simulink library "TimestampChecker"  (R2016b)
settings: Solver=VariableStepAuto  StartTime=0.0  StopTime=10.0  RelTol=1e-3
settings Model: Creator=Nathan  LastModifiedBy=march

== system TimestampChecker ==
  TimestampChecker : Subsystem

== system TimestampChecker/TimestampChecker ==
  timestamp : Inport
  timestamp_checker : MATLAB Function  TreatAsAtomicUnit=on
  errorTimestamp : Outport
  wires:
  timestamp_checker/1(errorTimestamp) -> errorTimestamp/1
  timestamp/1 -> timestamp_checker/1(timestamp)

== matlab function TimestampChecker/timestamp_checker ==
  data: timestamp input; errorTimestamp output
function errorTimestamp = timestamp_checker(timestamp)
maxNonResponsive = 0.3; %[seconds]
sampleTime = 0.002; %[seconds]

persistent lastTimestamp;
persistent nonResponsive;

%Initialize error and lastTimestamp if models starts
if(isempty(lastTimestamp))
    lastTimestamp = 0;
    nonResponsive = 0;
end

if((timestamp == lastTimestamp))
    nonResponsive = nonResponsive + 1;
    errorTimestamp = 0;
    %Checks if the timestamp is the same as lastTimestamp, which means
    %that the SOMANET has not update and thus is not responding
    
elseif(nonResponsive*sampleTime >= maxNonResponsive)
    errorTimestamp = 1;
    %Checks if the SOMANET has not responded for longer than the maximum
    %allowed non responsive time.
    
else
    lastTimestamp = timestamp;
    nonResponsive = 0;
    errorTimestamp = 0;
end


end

——

When you transcribe the records above, keep every line exactly the same.

◆ **FINISHED EXERCISE**
simulink library "TimestampChecker"  (R2016b)
settings: Solver=VariableStepAuto  StartTime=0.0  StopTime=10.0  RelTol=1e-3
settings Model: Creator=Nathan  LastModifiedBy=march

== system TimestampChecker ==
  TimestampChecker : Subsystem

== system TimestampChecker/TimestampChecker ==
  timestamp : Inport
  timestamp_checker : MATLAB Function  TreatAsAtomicUnit=on
  errorTimestamp : Outport
  wires:
  timestamp_checker/1(errorTimestamp) -> errorTimestamp/1
  timestamp/1 -> timestamp_checker/1(timestamp)

== matlab function TimestampChecker/timestamp_checker ==
  data: timestamp input; errorTimestamp output
function errorTimestamp = timestamp_checker(timestamp)
maxNonResponsive = 0.3; %[seconds]
sampleTime = 0.002; %[seconds]

persistent lastTimestamp;
persistent nonResponsive;

%Initialize error and lastTimestamp if models starts
if(isempty(lastTimestamp))
    lastTimestamp = 0;
    nonResponsive = 0;
end

if((timestamp == lastTimestamp))
    nonResponsive = nonResponsive + 1;
    errorTimestamp = 0;
    %Checks if the timestamp is the same as lastTimestamp, which means
    %that the SOMANET has not update and thus is not responding
    
elseif(nonResponsive*sampleTime >= maxNonResponsive)
    errorTimestamp = 1;
    %Checks if the SOMANET has not responded for longer than the maximum
    %allowed non responsive time.
    
else
    lastTimestamp = timestamp;
    nonResponsive = 0;
    errorTimestamp = 0;
end


end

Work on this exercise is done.